**Exercise description**. Pictures stay out of this copy; please retype only the lines from the start of the records through the line with "#15=CARTESIAN_POINT('',(0.,0.,0.));".

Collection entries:
• • • •

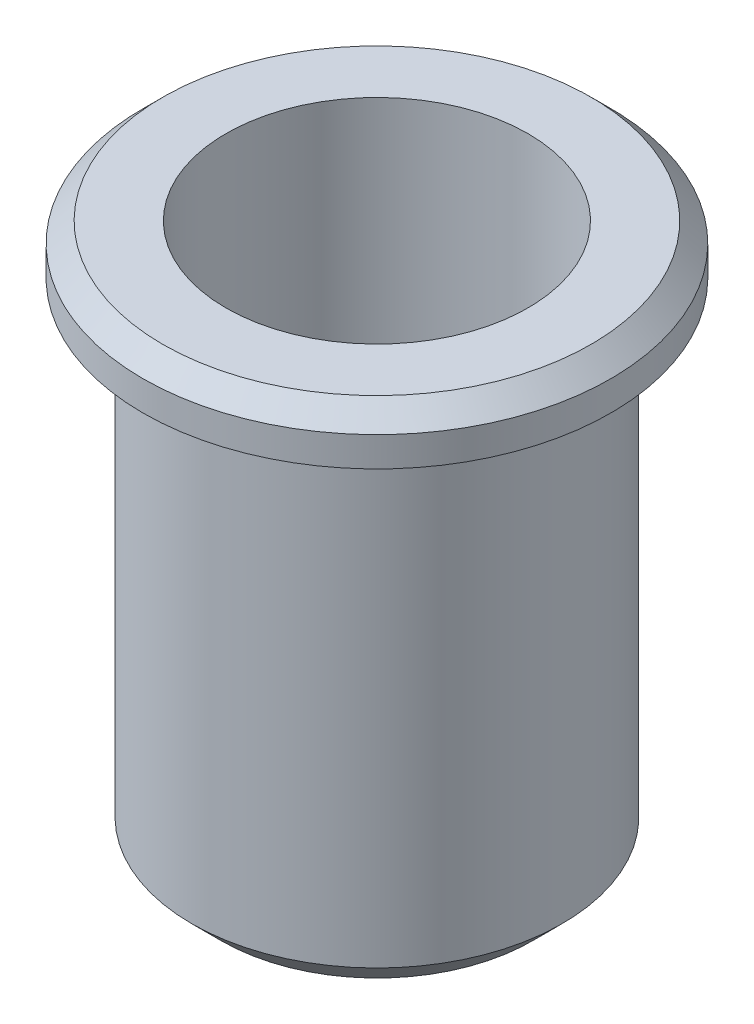
ISO-10303-21;
HEADER;
FILE_DESCRIPTION(('STEP AP214'),'2;1');
FILE_NAME('part.step','',(''),(''),'','','');
FILE_SCHEMA(('AUTOMOTIVE_DESIGN { 1 0 10303 214 1 1 1 1 }'));
ENDSEC;
DATA;
#1=APPLICATION_CONTEXT('core data for automotive mechanical design processes');
#2=APPLICATION_PROTOCOL_DEFINITION('international standard','automotive_design',2000,#1);
#3=PRODUCT_CONTEXT('',#1,'mechanical');
#4=PRODUCT('Part','Part','',(#3));
#5=PRODUCT_RELATED_PRODUCT_CATEGORY('part','',(#4));
#6=PRODUCT_DEFINITION_FORMATION('','',#4);
#7=PRODUCT_DEFINITION_CONTEXT('part definition',#1,'design');
#8=PRODUCT_DEFINITION('design','',#6,#7);
#9=PRODUCT_DEFINITION_SHAPE('','',#8);
#10=(LENGTH_UNIT() NAMED_UNIT(*) SI_UNIT(.MILLI.,.METRE.));
#11=(NAMED_UNIT(*) PLANE_ANGLE_UNIT() SI_UNIT($,.RADIAN.));
#12=(NAMED_UNIT(*) SI_UNIT($,.STERADIAN.) SOLID_ANGLE_UNIT());
#13=UNCERTAINTY_MEASURE_WITH_UNIT(LENGTH_MEASURE(1.E-05),#10,'distance_accuracy_value','');
#14=(GEOMETRIC_REPRESENTATION_CONTEXT(3) GLOBAL_UNCERTAINTY_ASSIGNED_CONTEXT((#13)) GLOBAL_UNIT_ASSIGNED_CONTEXT((#10,
#11,#12)) REPRESENTATION_CONTEXT('',''));
#15=CARTESIAN_POINT('',(0.,0.,0.));
#16=DIRECTION('',(0.,0.,1.));
#17=DIRECTION('',(1.,0.,0.));
#18=AXIS2_PLACEMENT_3D('',#15,#16,#17);
#19=CARTESIAN_POINT('',(0.,25.1479120878423,0.));
#20=DIRECTION('',(0.,1.,0.));
#21=DIRECTION('',(0.,0.,1.));
#22=AXIS2_PLACEMENT_3D('',#19,#20,#21);
#23=CYLINDRICAL_SURFACE('',#22,1.9939);
#24=CARTESIAN_POINT('',(0.,0.,0.));
#25=DIRECTION('',(0.,1.,0.));
#26=DIRECTION('',(0.,0.,1.));
#27=AXIS2_PLACEMENT_3D('',#24,#25,#26);
#28=CIRCLE('',#27,1.9939);
#29=CARTESIAN_POINT('',(0.,0.,1.9939));
#30=VERTEX_POINT('',#29);
#31=EDGE_CURVE('E10',#30,#30,#28,.T.);
#32=ORIENTED_EDGE('',*,*,#31,.F.);
#33=EDGE_LOOP('',(#32));
#34=FACE_BOUND('',#33,.T.);
#35=CARTESIAN_POINT('',(0.,2.36523438534684,0.));
#36=DIRECTION('',(0.,1.,0.));
#37=DIRECTION('',(0.,0.,1.));
#38=AXIS2_PLACEMENT_3D('',#35,#36,#37);
#39=CIRCLE('',#38,1.9939);
#40=CARTESIAN_POINT('',(0.,2.36523438534684,1.9939));
#41=VERTEX_POINT('',#40);
#42=EDGE_CURVE('E72',#41,#41,#39,.T.);
#43=ORIENTED_EDGE('',*,*,#42,.T.);
#44=EDGE_LOOP('',(#43));
#45=FACE_BOUND('',#44,.T.);
#46=ADVANCED_FACE('F40',(#34,#45),#23,.F.);
#47=CARTESIAN_POINT('',(1.9939,0.,0.));
#48=DIRECTION('',(0.,1.,0.));
#49=DIRECTION('',(0.,0.,1.));
#50=AXIS2_PLACEMENT_3D('',#47,#48,#49);
#51=PLANE('',#50);
#52=CARTESIAN_POINT('',(0.,0.,0.));
#53=DIRECTION('',(0.,1.,0.));
#54=DIRECTION('',(0.,0.,1.));
#55=AXIS2_PLACEMENT_3D('',#52,#53,#54);
#56=CIRCLE('',#55,3.98800000000001);
#57=CARTESIAN_POINT('',(0.,0.,3.98800000000001));
#58=VERTEX_POINT('',#57);
#59=EDGE_CURVE('E43',#58,#58,#56,.T.);
#60=ORIENTED_EDGE('',*,*,#59,.F.);
#61=EDGE_LOOP('',(#60));
#62=FACE_BOUND('',#61,.T.);
#63=ORIENTED_EDGE('',*,*,#31,.T.);
#64=EDGE_LOOP('',(#63));
#65=FACE_BOUND('',#64,.T.);
#66=ADVANCED_FACE('F116',(#62,#65),#51,.F.);
#67=CARTESIAN_POINT('',(0.,0.,0.));
#68=DIRECTION('',(0.,1.,0.));
#69=DIRECTION('',(0.,0.,1.));
#70=AXIS2_PLACEMENT_3D('',#67,#68,#69);
#71=CONICAL_SURFACE('',#70,3.98800000000001,0.785398163397447);
#72=CARTESIAN_POINT('',(0.,0.761999999999999,0.));
#73=DIRECTION('',(0.,1.,0.));
#74=DIRECTION('',(0.,0.,1.));
#75=AXIS2_PLACEMENT_3D('',#72,#73,#74);
#76=CIRCLE('',#75,4.75);
#77=CARTESIAN_POINT('',(0.,0.761999999999999,4.75));
#78=VERTEX_POINT('',#77);
#79=EDGE_CURVE('E50',#78,#78,#76,.T.);
#80=ORIENTED_EDGE('',*,*,#79,.F.);
#81=EDGE_LOOP('',(#80));
#82=FACE_BOUND('',#81,.T.);
#83=ORIENTED_EDGE('',*,*,#59,.T.);
#84=EDGE_LOOP('',(#83));
#85=FACE_BOUND('',#84,.T.);
#86=ADVANCED_FACE('F113',(#82,#85),#71,.T.);
#87=CARTESIAN_POINT('',(0.,25.1479120878423,0.));
#88=DIRECTION('',(0.,1.,0.));
#89=DIRECTION('',(0.,0.,1.));
#90=AXIS2_PLACEMENT_3D('',#87,#88,#89);
#91=CYLINDRICAL_SURFACE('',#90,4.75);
#92=CARTESIAN_POINT('',(0.,12.73,0.));
#93=DIRECTION('',(0.,1.,0.));
#94=DIRECTION('',(0.,0.,1.));
#95=AXIS2_PLACEMENT_3D('',#92,#93,#94);
#96=CIRCLE('',#95,4.75);
#97=CARTESIAN_POINT('',(0.,12.73,4.75));
#98=VERTEX_POINT('',#97);
#99=EDGE_CURVE('E51',#98,#98,#96,.T.);
#100=ORIENTED_EDGE('',*,*,#99,.F.);
#101=EDGE_LOOP('',(#100));
#102=FACE_BOUND('',#101,.T.);
#103=ORIENTED_EDGE('',*,*,#79,.T.);
#104=EDGE_LOOP('',(#103));
#105=FACE_BOUND('',#104,.T.);
#106=ADVANCED_FACE('F109',(#102,#105),#91,.T.);
#107=CARTESIAN_POINT('',(4.75,12.73,0.));
#108=DIRECTION('',(0.,1.,0.));
#109=DIRECTION('',(0.,0.,1.));
#110=AXIS2_PLACEMENT_3D('',#107,#108,#109);
#111=PLANE('',#110);
#112=CARTESIAN_POINT('',(0.,12.73,0.));
#113=DIRECTION('',(0.,1.,0.));
#114=DIRECTION('',(0.,0.,1.));
#115=AXIS2_PLACEMENT_3D('',#112,#113,#114);
#116=CIRCLE('',#115,6.);
#117=CARTESIAN_POINT('',(0.,12.73,6.));
#118=VERTEX_POINT('',#117);
#119=EDGE_CURVE('E57',#118,#118,#116,.T.);
#120=ORIENTED_EDGE('',*,*,#119,.F.);
#121=EDGE_LOOP('',(#120));
#122=FACE_BOUND('',#121,.T.);
#123=ORIENTED_EDGE('',*,*,#99,.T.);
#124=EDGE_LOOP('',(#123));
#125=FACE_BOUND('',#124,.T.);
#126=ADVANCED_FACE('F104',(#122,#125),#111,.F.);
#127=CARTESIAN_POINT('',(0.,25.1479120878423,0.));
#128=DIRECTION('',(0.,1.,0.));
#129=DIRECTION('',(0.,0.,1.));
#130=AXIS2_PLACEMENT_3D('',#127,#128,#129);
#131=CYLINDRICAL_SURFACE('',#130,6.);
#132=CARTESIAN_POINT('',(0.,13.492,0.));
#133=DIRECTION('',(0.,1.,0.));
#134=DIRECTION('',(0.,0.,1.));
#135=AXIS2_PLACEMENT_3D('',#132,#133,#134);
#136=CIRCLE('',#135,6.);
#137=CARTESIAN_POINT('',(0.,13.492,6.));
#138=VERTEX_POINT('',#137);
#139=EDGE_CURVE('E56',#138,#138,#136,.T.);
#140=ORIENTED_EDGE('',*,*,#139,.F.);
#141=EDGE_LOOP('',(#140));
#142=FACE_BOUND('',#141,.T.);
#143=ORIENTED_EDGE('',*,*,#119,.T.);
#144=EDGE_LOOP('',(#143));
#145=FACE_BOUND('',#144,.T.);
#146=ADVANCED_FACE('F100',(#142,#145),#131,.T.);
#147=CARTESIAN_POINT('',(0.,13.492,0.));
#148=DIRECTION('',(0.,-1.,0.));
#149=DIRECTION('',(0.,0.,-1.));
#150=AXIS2_PLACEMENT_3D('',#147,#148,#149);
#151=CONICAL_SURFACE('',#150,6.,0.785398163397451);
#152=CARTESIAN_POINT('',(0.,14.,0.));
#153=DIRECTION('',(0.,1.,0.));
#154=DIRECTION('',(0.,0.,1.));
#155=AXIS2_PLACEMENT_3D('',#152,#153,#154);
#156=CIRCLE('',#155,5.492);
#157=CARTESIAN_POINT('',(0.,14.,5.492));
#158=VERTEX_POINT('',#157);
#159=EDGE_CURVE('E65',#158,#158,#156,.T.);
#160=ORIENTED_EDGE('',*,*,#159,.F.);
#161=EDGE_LOOP('',(#160));
#162=FACE_BOUND('',#161,.T.);
#163=ORIENTED_EDGE('',*,*,#139,.T.);
#164=EDGE_LOOP('',(#163));
#165=FACE_BOUND('',#164,.T.);
#166=ADVANCED_FACE('F91',(#162,#165),#151,.T.);
#167=CARTESIAN_POINT('',(5.492,14.,0.));
#168=DIRECTION('',(0.,-1.,0.));
#169=DIRECTION('',(0.,0.,-1.));
#170=AXIS2_PLACEMENT_3D('',#167,#168,#169);
#171=PLANE('',#170);
#172=CARTESIAN_POINT('',(0.,14.,0.));
#173=DIRECTION('',(0.,1.,0.));
#174=DIRECTION('',(0.,0.,1.));
#175=AXIS2_PLACEMENT_3D('',#172,#173,#174);
#176=CIRCLE('',#175,3.8735);
#177=CARTESIAN_POINT('',(0.,14.,3.8735));
#178=VERTEX_POINT('',#177);
#179=EDGE_CURVE('E61',#178,#178,#176,.T.);
#180=ORIENTED_EDGE('',*,*,#179,.F.);
#181=EDGE_LOOP('',(#180));
#182=FACE_BOUND('',#181,.T.);
#183=ORIENTED_EDGE('',*,*,#159,.T.);
#184=EDGE_LOOP('',(#183));
#185=FACE_BOUND('',#184,.T.);
#186=ADVANCED_FACE('F82',(#182,#185),#171,.F.);
#187=CARTESIAN_POINT('',(0.,25.1479120878423,0.));
#188=DIRECTION('',(0.,1.,0.));
#189=DIRECTION('',(0.,0.,1.));
#190=AXIS2_PLACEMENT_3D('',#187,#188,#189);
#191=CYLINDRICAL_SURFACE('',#190,3.8735);
#192=CARTESIAN_POINT('',(0.,2.36523438534684,0.));
#193=DIRECTION('',(0.,1.,0.));
#194=DIRECTION('',(0.,0.,1.));
#195=AXIS2_PLACEMENT_3D('',#192,#193,#194);
#196=CIRCLE('',#195,3.8735);
#197=CARTESIAN_POINT('',(0.,2.36523438534684,3.8735));
#198=VERTEX_POINT('',#197);
#199=EDGE_CURVE('E66',#198,#198,#196,.T.);
#200=ORIENTED_EDGE('',*,*,#199,.F.);
#201=EDGE_LOOP('',(#200));
#202=FACE_BOUND('',#201,.T.);
#203=ORIENTED_EDGE('',*,*,#179,.T.);
#204=EDGE_LOOP('',(#203));
#205=FACE_BOUND('',#204,.T.);
#206=ADVANCED_FACE('F80',(#202,#205),#191,.F.);
#207=CARTESIAN_POINT('',(3.8735,2.36523438534684,0.));
#208=DIRECTION('',(0.,-1.,0.));
#209=DIRECTION('',(0.,0.,-1.));
#210=AXIS2_PLACEMENT_3D('',#207,#208,#209);
#211=PLANE('',#210);
#212=ORIENTED_EDGE('',*,*,#42,.F.);
#213=EDGE_LOOP('',(#212));
#214=FACE_BOUND('',#213,.T.);
#215=ORIENTED_EDGE('',*,*,#199,.T.);
#216=EDGE_LOOP('',(#215));
#217=FACE_BOUND('',#216,.T.);
#218=ADVANCED_FACE('F78',(#214,#217),#211,.F.);
#219=CLOSED_SHELL('',(#46,#66,#86,#106,#126,#146,#166,#186,#206,#218));
#220=MANIFOLD_SOLID_BREP('B2',#219);
#221=ADVANCED_BREP_SHAPE_REPRESENTATION('',(#18,#220),#14);
#222=SHAPE_DEFINITION_REPRESENTATION(#9,#221);
ENDSEC;
END-ISO-10303-21;

• • • •

**Solution**.
ISO-10303-21;
HEADER;
FILE_DESCRIPTION(('STEP AP214'),'2;1');
FILE_NAME('part.step','',(''),(''),'','','');
FILE_SCHEMA(('AUTOMOTIVE_DESIGN { 1 0 10303 214 1 1 1 1 }'));
ENDSEC;
DATA;
#1=APPLICATION_CONTEXT('core data for automotive mechanical design processes');
#2=APPLICATION_PROTOCOL_DEFINITION('international standard','automotive_design',2000,#1);
#3=PRODUCT_CONTEXT('',#1,'mechanical');
#4=PRODUCT('Part','Part','',(#3));
#5=PRODUCT_RELATED_PRODUCT_CATEGORY('part','',(#4));
#6=PRODUCT_DEFINITION_FORMATION('','',#4);
#7=PRODUCT_DEFINITION_CONTEXT('part definition',#1,'design');
#8=PRODUCT_DEFINITION('design','',#6,#7);
#9=PRODUCT_DEFINITION_SHAPE('','',#8);
#10=(LENGTH_UNIT() NAMED_UNIT(*) SI_UNIT(.MILLI.,.METRE.));
#11=(NAMED_UNIT(*) PLANE_ANGLE_UNIT() SI_UNIT($,.RADIAN.));
#12=(NAMED_UNIT(*) SI_UNIT($,.STERADIAN.) SOLID_ANGLE_UNIT());
#13=UNCERTAINTY_MEASURE_WITH_UNIT(LENGTH_MEASURE(1.E-05),#10,'distance_accuracy_value','');
#14=(GEOMETRIC_REPRESENTATION_CONTEXT(3) GLOBAL_UNCERTAINTY_ASSIGNED_CONTEXT((#13)) GLOBAL_UNIT_ASSIGNED_CONTEXT((#10,
#11,#12)) REPRESENTATION_CONTEXT('',''));
#15=CARTESIAN_POINT('',(0.,0.,0.));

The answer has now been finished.